Supplied data:
=== Begin Enclosure ===

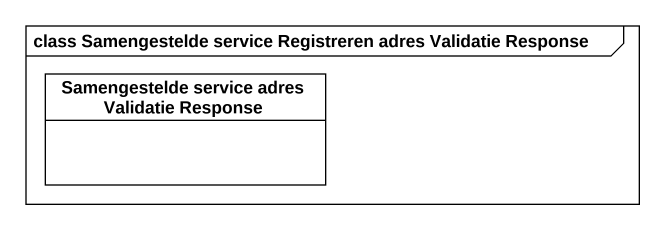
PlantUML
@startuml
mainframe class Samengestelde service Registreren adres Validatie Response
hide circle
hide empty members
class "Samengestelde service adres Validatie Response" as Samengestelde_service_adres
@enduml

=== End Enclosure ===

Problem to solve:
Set the entries down exactly, but not the pictures.

Answer space:
PlantUML
@startuml
mainframe class Samengestelde service Registreren adres Validatie Response
hide circle
hide empty members
class "Samengestelde service adres Validatie Response" as Samengestelde_service_adres
@enduml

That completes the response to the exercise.